What the exercise asks:
Return every line of the data that contains the string "layers".

-*-

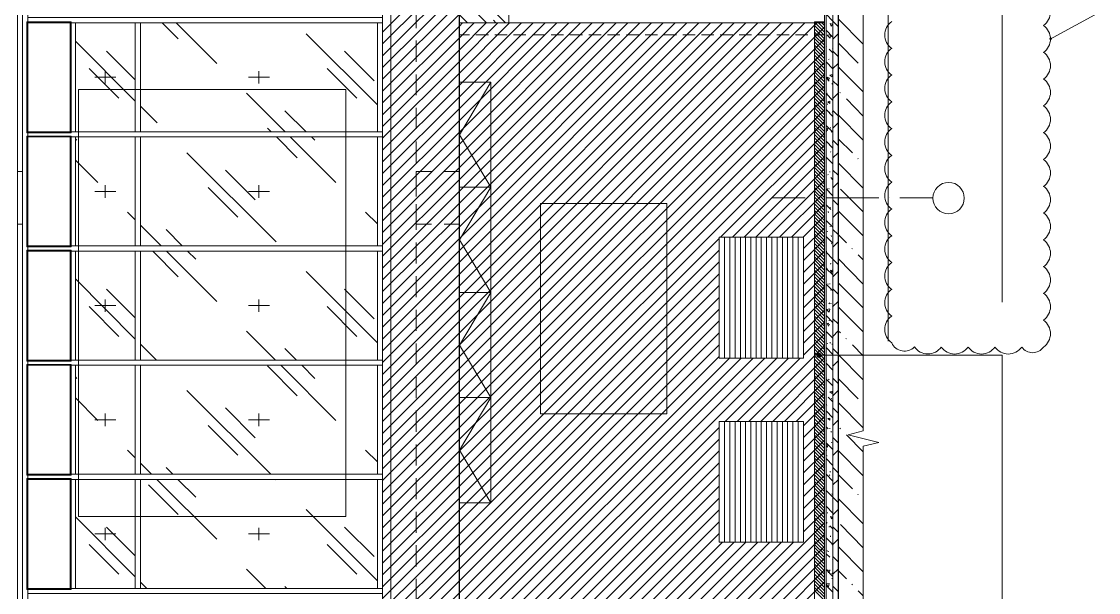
# Model space of a CAD drawing. Header units: millimetres. Extents: x -356862 to 418287, y 0 to 839748.
# Drawn here: x 19.57 to 27.63, y 25.91 to 30.18 of the extents above; entities that cross this region are included whole.
import ezdxf

# ---------------------------------------------------------------- set-up
doc = ezdxf.new("R2010")
doc.units = ezdxf.units.MM
doc.layers.add('PDF _Геометрия', color=7, linetype='Continuous', true_color=0xbababa)
doc.layers.add('PDF _Сплошная заливка', color=7, linetype='Continuous', true_color=0xf50000)

msp = doc.modelspace()

# ---------------------------------------------------------------- linework, layer by layer
at = {"layer": 'PDF _Геометрия', "color": 7, "lineweight": 5}
for points in [[(25.8664, 32.1662), (25.8664, 32.0978), (25.8664, 27.118), (25.7531, 27.0897), (25.9814, 27.0314), (25.8664, 27.003), (25.8664, 22.0232), (25.8664, 21.9549)], [(25.6781, 31.7378), (25.5764, 31.7378), (25.5764, 22.0232)], [(25.5881, 31.7378), (25.5881, 22.0232)], [(25.6381, 31.7378), (25.6381, 22.0232)], [(22.8432, 31.1079), (22.8432, 22.9582), (22.8832, 22.9582)], [(22.5199, 30.1346), (22.5199, 30.2929)], [(22.9199, 30.0846), (22.8432, 30.0846)], [(23.0615, 30.0846), (22.9665, 30.0846)], [(23.2015, 30.0846), (23.1082, 30.0846)], [(23.3415, 30.0846), (23.2482, 30.0846)], [(23.4832, 30.0846), (23.3898, 30.0846)], [(23.6232, 30.0846), (23.5298, 30.0846)], [(23.7648, 30.0846), (23.6698, 30.0846)], [(23.9048, 30.0846), (23.8115, 30.0846)], [(24.0448, 30.0846), (23.9515, 30.0846)], [(24.1865, 30.0846), (24.0931, 30.0846)], [(24.3265, 30.0846), (24.2331, 30.0846)], [(24.4681, 30.0846), (24.3731, 30.0846)], [(24.6081, 30.0846), (24.5148, 30.0846)], [(24.7481, 30.0846), (24.6548, 30.0846)], [(24.8898, 30.0846), (24.7948, 30.0846)], [(25.0298, 30.0846), (24.9364, 30.0846)], [(25.1698, 30.0846), (25.0764, 30.0846)], [(25.3114, 30.0846), (25.2181, 30.0846)], [(25.4514, 30.0846), (25.3581, 30.0846)], [(25.5764, 30.0846), (25.4981, 30.0846)], [(22.5199, 29.8829), (22.5199, 30.0412)], [(22.5199, 29.6313), (22.5199, 29.7879)], [(22.5199, 29.3796), (22.5199, 29.5363)], [(22.5199, 29.1279), (22.5199, 29.2846)], [(22.5199, 28.9113), (22.5199, 29.0596), (22.6349, 29.0596)], [(22.5199, 28.8746), (22.5199, 29.0329)], [(22.7299, 29.0596), (22.8432, 29.0596), (22.8432, 28.9113)], [(22.6349, 28.6663), (22.5199, 28.6663), (22.5199, 28.8163)], [(22.5199, 28.623), (22.5199, 28.7813)], [(22.8432, 28.8163), (22.8432, 28.6663), (22.7299, 28.6663)], [(24.8281, 27.663), (24.8281, 28.568)], [(24.8681, 27.663), (24.8681, 28.568)], [(24.9064, 27.663), (24.9064, 28.568)], [(24.9464, 27.663), (24.9464, 28.568)], [(24.9848, 27.663), (24.9848, 28.568)], [(25.0248, 27.663), (25.0248, 28.568)], [(25.0648, 27.663), (25.0648, 28.568)], [(25.1031, 27.663), (25.1031, 28.568)], [(25.1431, 27.663), (25.1431, 28.568)], [(25.1831, 27.663), (25.1831, 28.568)], [(25.2214, 27.663), (25.2214, 28.568)], [(25.2614, 27.663), (25.2614, 28.568)], [(25.2998, 27.663), (25.2998, 28.568)], [(25.3398, 27.663), (25.3398, 28.568)], [(25.3798, 27.663), (25.3798, 28.568)], [(22.5199, 28.3713), (22.5199, 28.528)], [(22.5199, 28.1196), (22.5199, 28.2763)], [(22.5199, 27.868), (22.5199, 28.0247)], [(22.5199, 27.6147), (22.5199, 27.773)], [(22.5199, 27.363), (22.5199, 27.5213)], [(22.5199, 27.1114), (22.5199, 27.2697)], [(24.8281, 26.2847), (24.8281, 27.1897)], [(24.8681, 26.2847), (24.8681, 27.1897)], [(24.9064, 26.2847), (24.9064, 27.1897)], [(24.9464, 26.2847), (24.9464, 27.1897)], [(24.9848, 26.2847), (24.9848, 27.1897)], [(25.0248, 26.2847), (25.0248, 27.1897)], [(25.0648, 26.2847), (25.0648, 27.1897)], [(25.1031, 26.2847), (25.1031, 27.1897)], [(25.1431, 26.2847), (25.1431, 27.1897)], [(25.1831, 26.2847), (25.1831, 27.1897)], [(25.2214, 26.2847), (25.2214, 27.1897)], [(25.2614, 26.2847), (25.2614, 27.1897)], [(25.2998, 26.2847), (25.2998, 27.1897)], [(25.3398, 26.2847), (25.3398, 27.1897)], [(25.3798, 26.2847), (25.3798, 27.1897)], [(22.5199, 26.8597), (22.5199, 27.0164)], [(22.5199, 26.608), (22.5199, 26.7647)], [(22.5199, 26.3547), (22.5199, 26.513)], [(22.5199, 26.1031), (22.5199, 26.2614)], [(22.5199, 25.8514), (22.5199, 26.0097)]]:
    msp.add_lwpolyline(points, dxfattribs=at)
at = {"layer": 'PDF _Геометрия', "color": 7, "lineweight": 30}
msp.add_lwpolyline([(25.8664, 31.7378), (25.6781, 31.7378), (25.6781, 22.0232)], dxfattribs=at)
at = {"layer": 'PDF _Геометрия', "color": 251, "lineweight": 20, "true_color": 0x545454}
for points in [[(25.2598, 31.4512), (25.2798, 31.4462), (26.9064, 31.0729), (26.9064, 31.0012), (26.9064, 28.0813)], [(23.1765, 30.4829), (23.1965, 30.4829), (26.0531, 30.4712), (26.0531, 30.3979), (26.0531, 27.7913)], [(25.5531, 27.6847), (25.5731, 27.6847), (26.9064, 27.6847), (26.9064, 27.6113), (26.9064, 24.5998)]]:
    msp.add_lwpolyline(points, dxfattribs=at)
at = {"layer": 'PDF _Геометрия', "color": 161, "lineweight": 9, "true_color": 0x7f9fff}
for points in [[(19.025, 23.0465), (19.5367, 23.0465), (19.5367, 24.6115), (22.2682, 24.6115), (22.2682, 23.0465), (22.8432, 23.0465), (22.8432, 31.2895), (21.7966, 31.2895), (21.7966, 31.3445), (19.67, 31.3445), (19.025, 31.3445), (16.3635, 31.3445), (15.9051, 31.3445), (15.9051, 31.1079), (18.9617, 31.1079), (18.9617, 25.0048), (15.9051, 25.0048), (15.9051, 24.6115), (18.9617, 24.6115), (18.9617, 23.0465)], [(19.5367, 25.0048), (19.5367, 31.1079), (22.2682, 31.1079), (22.2682, 25.0048)], [(23.2132, 30.1729), (23.2132, 31.0529), (22.8432, 31.0529), (22.8432, 30.1729)], [(25.5764, 22.9582), (25.5764, 30.1729), (22.8432, 30.1729), (22.8432, 22.9582)]]:
    msp.add_lwpolyline(points, close=True, dxfattribs=at)
at = {"layer": 'PDF _Геометрия', "color": 161, "lineweight": 30, "true_color": 0x7f9fff}
msp.add_lwpolyline([(22.8432, 23.0365), (22.8432, 31.2562)], dxfattribs=at)
at = {"layer": 'PDF _Геометрия', "color": 7, "lineweight": 9}
for points in [[(19.5367, 31.1079), (22.3316, 31.1079), (22.2682, 31.1079), (22.2682, 25.0048), (22.3316, 25.0048), (22.3316, 31.1079)], [(19.575, 29.0596), (19.5367, 29.0596)], [(25.4314, 28.863), (25.1814, 28.863)], [(25.5098, 28.863), (25.5098, 28.863)], [(25.9814, 28.863), (25.5881, 28.863)], [(26.0614, 28.863), (26.0614, 28.863)], [(26.3881, 28.863), (26.1397, 28.863)], [(19.5367, 28.6663), (19.575, 28.6663)]]:
    msp.add_lwpolyline(points, dxfattribs=at)
at = {"layer": 'PDF _Геометрия', "color": 252, "lineweight": 5, "true_color": 0x989898}
for points in [[(19.575, 25.9197), (19.575, 26.7747), (19.575, 27.6297), (19.575, 28.483), (19.575, 29.3379), (19.575, 30.1929), (19.575, 31.0295), (19.615, 31.0295), (19.615, 30.1929), (19.615, 29.3379), (19.615, 28.483), (19.615, 27.6297), (19.615, 26.7747), (19.615, 25.9197), (19.615, 25.0448), (19.575, 25.0448)], [(19.95, 30.2129), (20.4383, 30.2129), (22.2682, 30.2129), (22.2682, 30.1746), (20.4383, 30.1746), (19.95, 30.1746), (19.615, 30.1746), (19.615, 30.2129)], [(19.93, 30.1746), (19.97, 30.1746), (19.97, 29.3579), (19.93, 29.3579)], [(20.4183, 30.1746), (20.4566, 30.1746), (20.4566, 29.3579), (20.4183, 29.3579)], [(22.2682, 29.3579), (22.2299, 29.3579), (22.2299, 30.1746), (22.2682, 30.1746)], [(19.95, 29.3579), (20.4383, 29.3579), (22.2682, 29.3579), (22.2682, 29.3196), (20.4383, 29.3196), (19.95, 29.3196), (19.615, 29.3196), (19.615, 29.3579)], [(19.93, 29.3196), (19.97, 29.3196), (19.97, 28.503), (19.93, 28.503)], [(20.4183, 29.3196), (20.4566, 29.3196), (20.4566, 28.503), (20.4183, 28.503)], [(22.2682, 28.503), (22.2299, 28.503), (22.2299, 29.3196), (22.2682, 29.3196)], [(19.95, 28.503), (20.4383, 28.503), (22.2682, 28.503), (22.2682, 28.4646), (20.4383, 28.4646), (19.95, 28.4646), (19.615, 28.4646), (19.615, 28.503)], [(19.93, 28.4646), (19.97, 28.4646), (19.97, 27.648), (19.93, 27.648)], [(20.4183, 28.4646), (20.4566, 28.4646), (20.4566, 27.648), (20.4183, 27.648)], [(22.2682, 27.648), (22.2299, 27.648), (22.2299, 28.4646), (22.2682, 28.4646)], [(19.95, 27.648), (20.4383, 27.648), (22.2682, 27.648), (22.2682, 27.6097), (20.4383, 27.6097), (19.95, 27.6097), (19.615, 27.6097), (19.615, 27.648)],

-*-

Result of this exercise:
doc.layers.add('PDF _Геометрия', color=7, linetype='Continuous', true_color=0xbababa)
doc.layers.add('PDF _Сплошная заливка', color=7, linetype='Continuous', true_color=0xf50000)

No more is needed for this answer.